KQFM
- Hermiston, Oregon; United States;
- Broadcast area: Umatilla and Morrow County, Oregon
- Frequency: 93.7 MHz
- Branding: 93.7 The Q

Programming
- Format: Adult contemporary
- Affiliations: Westwood One

Ownership
- Owner: West End Radio, LLC
- Sister stations: KOHU

History
- First air date: September 18, 1978 (as KOHU-FM at 99.3)
- Former call signs: KOHU-FM (1978–1984) KQFM-FM (1984–1986)
- Former frequencies: 99.3 MHz (1978–2000) 100.5 MHz (2000–2010) 100.1 MHz (2010–2016)
- Call sign meaning: K Quality FM

Technical information
- Licensing authority: FCC
- Facility ID: 27076
- Class: A
- ERP: 5,300 watts
- HAAT: 94 meters (308 ft)
- Transmitter coordinates: 45°51′57″N 119°18′38″W﻿ / ﻿45.86583°N 119.31056°W

Links
- Public license information: Public file; LMS;

= KQFM =

Adult contemporary radio station in Hermiston, Oregon

KQFM (93.7 FM, "The Q") is a radio station licensed to serve Hermiston, Oregon, United States. The station, established in 1978, is owned by West End Radio, LLC, which is in turn owned by the Ronald L. Hughes and Gloria Hughes Living Trust.

==Programming==
KQFM broadcasts an adult contemporary music format including the satellite-delivered "Adult Contemporary (radio network)" 24-hour live format produced by Westwood One. KQFM had aired the Hits and Favorites radio network provided by ABC Radio Networks and Citadel Media, but the network ceased operations in July 2014, leaving KQFM to affiliate with Westwood One's format. KQFM 100.5 FM recently left its oldies format behind for new programming that features adult contemporary music including hits from the 1970s through the 1990s, plus current popular music. In addition to its usual music programming, KQFM broadcasts select high school sports events featuring teams from Hermiston High School.

==History==

This station began regular operation on September 18, 1978, broadcasting with 3,000 watts of effective radiated power on a frequency of 99.3 MHz. The station was assigned the call sign KOHU-FM by the Federal Communications Commission. Launched as a sister station of KOHU (1360 AM), KOHU-FM broadcast a beautiful music format under the guidance of general manager and chief engineer Harmon Springer and program director Willie Kelly and the ownership of the Hermiston Broadcasting Company.

The station was assigned new call sign KQFM-FM by the FCC on March 1, 1984. Just over two years later, on November 25, 1986, the station changed call signs again, this time to the simpler KQFM.

In February 1997, the Hermiston Broadcasting Company reached an agreement to sell KQFM and AM sister station KOHU to the Capps Broadcast Group through their West End Radio, LLC, subsidiary.

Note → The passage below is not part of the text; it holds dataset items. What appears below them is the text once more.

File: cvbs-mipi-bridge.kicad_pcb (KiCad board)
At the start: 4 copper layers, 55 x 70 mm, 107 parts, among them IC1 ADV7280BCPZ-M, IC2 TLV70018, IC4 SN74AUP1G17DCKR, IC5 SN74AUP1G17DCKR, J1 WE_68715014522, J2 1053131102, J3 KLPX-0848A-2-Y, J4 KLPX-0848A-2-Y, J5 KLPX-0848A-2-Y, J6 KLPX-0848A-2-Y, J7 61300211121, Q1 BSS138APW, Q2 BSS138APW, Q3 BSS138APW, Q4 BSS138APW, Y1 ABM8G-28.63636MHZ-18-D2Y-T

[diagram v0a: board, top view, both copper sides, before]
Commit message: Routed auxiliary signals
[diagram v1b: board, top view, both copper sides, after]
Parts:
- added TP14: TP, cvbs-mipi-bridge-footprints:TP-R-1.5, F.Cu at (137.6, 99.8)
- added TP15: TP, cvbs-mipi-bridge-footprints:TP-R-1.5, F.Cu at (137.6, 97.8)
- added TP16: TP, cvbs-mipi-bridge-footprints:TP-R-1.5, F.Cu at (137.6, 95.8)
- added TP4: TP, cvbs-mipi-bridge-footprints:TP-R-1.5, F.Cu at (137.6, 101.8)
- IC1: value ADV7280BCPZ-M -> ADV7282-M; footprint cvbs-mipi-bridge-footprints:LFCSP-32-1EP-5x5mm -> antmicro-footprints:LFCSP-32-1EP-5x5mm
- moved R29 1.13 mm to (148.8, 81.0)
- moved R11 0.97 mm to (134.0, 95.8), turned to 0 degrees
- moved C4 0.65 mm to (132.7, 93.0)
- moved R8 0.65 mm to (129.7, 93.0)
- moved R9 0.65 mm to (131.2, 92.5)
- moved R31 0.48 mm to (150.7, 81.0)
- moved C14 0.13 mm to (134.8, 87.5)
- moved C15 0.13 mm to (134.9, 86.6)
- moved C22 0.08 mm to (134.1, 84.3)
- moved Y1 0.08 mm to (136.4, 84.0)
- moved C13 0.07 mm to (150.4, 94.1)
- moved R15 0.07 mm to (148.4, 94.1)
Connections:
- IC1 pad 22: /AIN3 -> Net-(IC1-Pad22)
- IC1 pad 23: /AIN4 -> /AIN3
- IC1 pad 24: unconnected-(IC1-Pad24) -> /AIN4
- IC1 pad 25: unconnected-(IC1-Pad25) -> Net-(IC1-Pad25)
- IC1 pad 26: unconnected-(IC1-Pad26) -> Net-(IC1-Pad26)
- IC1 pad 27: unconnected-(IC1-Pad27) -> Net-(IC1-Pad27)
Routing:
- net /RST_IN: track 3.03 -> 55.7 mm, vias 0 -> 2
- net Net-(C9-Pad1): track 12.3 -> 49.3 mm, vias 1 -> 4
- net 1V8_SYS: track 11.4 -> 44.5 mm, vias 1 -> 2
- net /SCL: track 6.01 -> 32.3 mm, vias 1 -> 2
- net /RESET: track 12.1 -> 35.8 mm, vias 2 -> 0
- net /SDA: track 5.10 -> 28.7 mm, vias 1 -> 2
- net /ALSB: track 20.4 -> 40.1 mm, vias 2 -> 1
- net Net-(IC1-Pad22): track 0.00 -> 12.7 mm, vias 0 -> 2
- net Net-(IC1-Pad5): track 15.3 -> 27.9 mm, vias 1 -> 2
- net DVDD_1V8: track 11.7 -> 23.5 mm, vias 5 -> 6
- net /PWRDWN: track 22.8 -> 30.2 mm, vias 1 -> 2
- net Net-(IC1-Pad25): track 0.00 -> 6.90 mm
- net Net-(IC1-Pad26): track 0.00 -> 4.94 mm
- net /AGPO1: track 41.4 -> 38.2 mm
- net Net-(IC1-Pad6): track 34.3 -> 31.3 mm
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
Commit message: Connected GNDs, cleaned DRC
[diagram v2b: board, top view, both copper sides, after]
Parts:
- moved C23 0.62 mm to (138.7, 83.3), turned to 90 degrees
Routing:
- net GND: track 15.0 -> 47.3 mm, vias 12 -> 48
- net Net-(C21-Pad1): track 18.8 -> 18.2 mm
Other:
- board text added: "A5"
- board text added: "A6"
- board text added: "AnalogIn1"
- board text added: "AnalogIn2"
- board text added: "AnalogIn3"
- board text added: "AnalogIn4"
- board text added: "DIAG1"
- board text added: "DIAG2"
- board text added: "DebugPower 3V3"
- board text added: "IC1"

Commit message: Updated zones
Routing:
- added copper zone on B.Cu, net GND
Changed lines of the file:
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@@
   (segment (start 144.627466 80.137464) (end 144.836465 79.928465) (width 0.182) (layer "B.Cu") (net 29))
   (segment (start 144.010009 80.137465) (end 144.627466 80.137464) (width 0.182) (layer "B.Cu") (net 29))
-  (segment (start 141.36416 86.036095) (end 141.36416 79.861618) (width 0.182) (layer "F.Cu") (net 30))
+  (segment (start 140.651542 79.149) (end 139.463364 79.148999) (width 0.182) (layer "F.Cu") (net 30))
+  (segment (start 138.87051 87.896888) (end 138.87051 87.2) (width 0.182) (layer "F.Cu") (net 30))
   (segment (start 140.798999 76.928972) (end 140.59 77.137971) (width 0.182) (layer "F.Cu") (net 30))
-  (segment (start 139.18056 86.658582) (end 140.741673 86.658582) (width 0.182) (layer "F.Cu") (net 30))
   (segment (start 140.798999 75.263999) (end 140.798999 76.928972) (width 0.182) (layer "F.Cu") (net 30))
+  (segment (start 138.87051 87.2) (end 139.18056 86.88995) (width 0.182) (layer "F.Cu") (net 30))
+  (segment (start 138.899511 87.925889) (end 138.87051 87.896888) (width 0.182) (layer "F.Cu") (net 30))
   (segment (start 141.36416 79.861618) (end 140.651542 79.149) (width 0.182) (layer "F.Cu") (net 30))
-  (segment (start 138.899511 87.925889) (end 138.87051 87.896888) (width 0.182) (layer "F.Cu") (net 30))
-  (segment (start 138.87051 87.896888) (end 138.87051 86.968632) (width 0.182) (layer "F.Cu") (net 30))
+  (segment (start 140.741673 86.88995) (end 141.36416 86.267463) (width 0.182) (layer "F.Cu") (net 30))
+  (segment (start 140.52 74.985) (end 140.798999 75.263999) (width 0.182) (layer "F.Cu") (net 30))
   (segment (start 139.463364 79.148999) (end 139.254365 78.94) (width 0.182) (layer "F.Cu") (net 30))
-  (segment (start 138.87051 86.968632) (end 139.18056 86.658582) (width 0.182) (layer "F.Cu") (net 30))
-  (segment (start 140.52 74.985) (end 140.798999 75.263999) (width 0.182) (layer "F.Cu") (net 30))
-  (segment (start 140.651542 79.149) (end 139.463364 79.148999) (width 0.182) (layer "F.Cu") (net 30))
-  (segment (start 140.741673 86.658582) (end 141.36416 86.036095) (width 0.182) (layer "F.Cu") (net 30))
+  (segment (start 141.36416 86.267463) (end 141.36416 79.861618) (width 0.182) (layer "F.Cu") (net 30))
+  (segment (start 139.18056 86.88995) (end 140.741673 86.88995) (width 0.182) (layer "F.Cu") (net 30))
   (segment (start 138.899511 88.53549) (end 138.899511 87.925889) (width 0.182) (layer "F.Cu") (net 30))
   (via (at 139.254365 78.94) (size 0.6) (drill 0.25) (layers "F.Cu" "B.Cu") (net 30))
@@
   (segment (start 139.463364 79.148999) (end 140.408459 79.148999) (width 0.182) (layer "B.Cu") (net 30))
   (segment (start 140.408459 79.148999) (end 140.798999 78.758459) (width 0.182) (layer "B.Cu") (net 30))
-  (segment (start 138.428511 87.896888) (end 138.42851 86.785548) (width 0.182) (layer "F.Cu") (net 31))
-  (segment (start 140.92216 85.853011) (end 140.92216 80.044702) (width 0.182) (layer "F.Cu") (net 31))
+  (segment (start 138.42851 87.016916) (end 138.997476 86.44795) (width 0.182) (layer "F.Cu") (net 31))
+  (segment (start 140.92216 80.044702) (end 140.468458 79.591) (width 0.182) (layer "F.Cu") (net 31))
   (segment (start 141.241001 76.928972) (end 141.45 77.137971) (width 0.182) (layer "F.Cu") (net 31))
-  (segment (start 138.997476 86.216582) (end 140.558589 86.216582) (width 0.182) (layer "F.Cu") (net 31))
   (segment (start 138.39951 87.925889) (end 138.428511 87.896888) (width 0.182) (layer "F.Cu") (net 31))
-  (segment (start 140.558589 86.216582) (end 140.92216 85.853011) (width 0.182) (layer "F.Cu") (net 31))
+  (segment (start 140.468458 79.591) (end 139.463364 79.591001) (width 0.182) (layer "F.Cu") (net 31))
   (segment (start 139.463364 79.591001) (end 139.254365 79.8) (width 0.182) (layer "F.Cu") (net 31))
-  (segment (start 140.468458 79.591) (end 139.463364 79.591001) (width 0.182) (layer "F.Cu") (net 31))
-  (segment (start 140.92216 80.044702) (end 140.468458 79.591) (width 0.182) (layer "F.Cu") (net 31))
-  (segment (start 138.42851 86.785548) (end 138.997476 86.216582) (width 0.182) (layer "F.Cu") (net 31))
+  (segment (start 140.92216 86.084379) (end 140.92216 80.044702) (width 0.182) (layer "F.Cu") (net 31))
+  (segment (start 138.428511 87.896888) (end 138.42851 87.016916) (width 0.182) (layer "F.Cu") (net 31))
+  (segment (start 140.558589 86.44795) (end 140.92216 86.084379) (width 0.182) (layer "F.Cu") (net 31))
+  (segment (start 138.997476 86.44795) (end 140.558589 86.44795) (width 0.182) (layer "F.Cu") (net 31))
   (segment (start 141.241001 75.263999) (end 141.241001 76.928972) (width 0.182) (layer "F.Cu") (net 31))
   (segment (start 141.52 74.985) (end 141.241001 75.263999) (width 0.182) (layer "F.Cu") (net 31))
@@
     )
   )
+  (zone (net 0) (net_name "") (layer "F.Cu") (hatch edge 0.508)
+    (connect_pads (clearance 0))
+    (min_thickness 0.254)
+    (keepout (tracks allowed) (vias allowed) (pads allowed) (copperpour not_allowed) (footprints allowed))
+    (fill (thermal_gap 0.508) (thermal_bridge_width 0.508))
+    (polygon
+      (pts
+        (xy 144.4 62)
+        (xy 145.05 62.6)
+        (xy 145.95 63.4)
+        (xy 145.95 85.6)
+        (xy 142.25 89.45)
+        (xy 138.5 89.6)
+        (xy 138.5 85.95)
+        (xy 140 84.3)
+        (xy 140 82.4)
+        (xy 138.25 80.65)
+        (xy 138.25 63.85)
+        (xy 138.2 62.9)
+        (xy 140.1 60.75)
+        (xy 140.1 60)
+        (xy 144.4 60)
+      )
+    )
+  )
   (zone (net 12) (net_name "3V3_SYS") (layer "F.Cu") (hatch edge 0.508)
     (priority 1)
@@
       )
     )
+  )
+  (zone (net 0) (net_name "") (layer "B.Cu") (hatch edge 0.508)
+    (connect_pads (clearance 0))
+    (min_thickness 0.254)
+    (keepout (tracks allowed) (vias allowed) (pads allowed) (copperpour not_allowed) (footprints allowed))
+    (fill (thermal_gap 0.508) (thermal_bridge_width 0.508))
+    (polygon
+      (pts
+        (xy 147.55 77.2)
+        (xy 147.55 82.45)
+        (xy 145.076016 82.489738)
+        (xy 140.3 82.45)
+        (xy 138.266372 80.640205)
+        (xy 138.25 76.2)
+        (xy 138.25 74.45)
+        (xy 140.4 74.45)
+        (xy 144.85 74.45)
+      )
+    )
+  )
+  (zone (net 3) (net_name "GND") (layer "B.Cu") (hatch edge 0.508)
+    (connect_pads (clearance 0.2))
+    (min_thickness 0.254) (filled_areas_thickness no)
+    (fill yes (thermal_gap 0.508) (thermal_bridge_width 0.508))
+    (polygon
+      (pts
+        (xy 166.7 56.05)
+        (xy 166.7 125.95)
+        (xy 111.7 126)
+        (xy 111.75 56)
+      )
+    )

The deal was approved by the FCC on April 16, 1997, and the transaction was consummated on May 1, 1997.

=== Changes of frequency===
In April 2000, KQFM applied to the FCC to change its assigned broadcast frequency from 99.3 MHz to 100.5 MHz. The change was made as part of a multi-station shuffle to accommodate a power increase by KUJ-FM in Burbank, Washington. The station received a new construction permit to authorize the change on August 8, 2000.

In January 2003, the Capps Family, co-owners of KQFM licensee West End Radio, LLC, announced an agreement to transfer control of the company to Ronald L. Hughes and Gloria Hughes. The deal was approved by the FCC on February 14, 2003, and the transaction was consummated on June 4, 2003. This move coincided with the station's flip from oldies to adult contemporary music. In March 2004, Ronald L. Hughes and Gloria Hughes applied to the FCC to transfer the broadcast license for KQFM to the Ronald L. Hughes and Gloria Hughes Living Trust. The transfer was approved by the FCC on April 7, 2004, and the transaction was consummated on April 12, 2004.

In April 2007, KQFM filed another application with the FCC to change its assigned broadcast frequency again, this time from 100.5 MHz to 100.1 MHz. This move is part of a multi-station shuffle involving KQFM and KWRL to allow religious broadcaster KHSS in Walla Walla, Washington, to obtain a "bigger, more powerful" signal at 100.7 MHz. The transmitter site would also be moved very slightly to the west and the antenna raised to 94 m in height above average terrain. The station received a new construction permit to authorize the change on September 17, 2007. The station began licensed operation on 100.1 MHz on February 17, 2010.

On February 4, 2016 KQFM moved from 100.1 FM to 93.7 FM, swapping frequencies with KRKG-FM Pasco, Washington, which moved from 93.7 FM to 100.1 FM.

On April 30, 2026, KQFM ceased operations and went silent.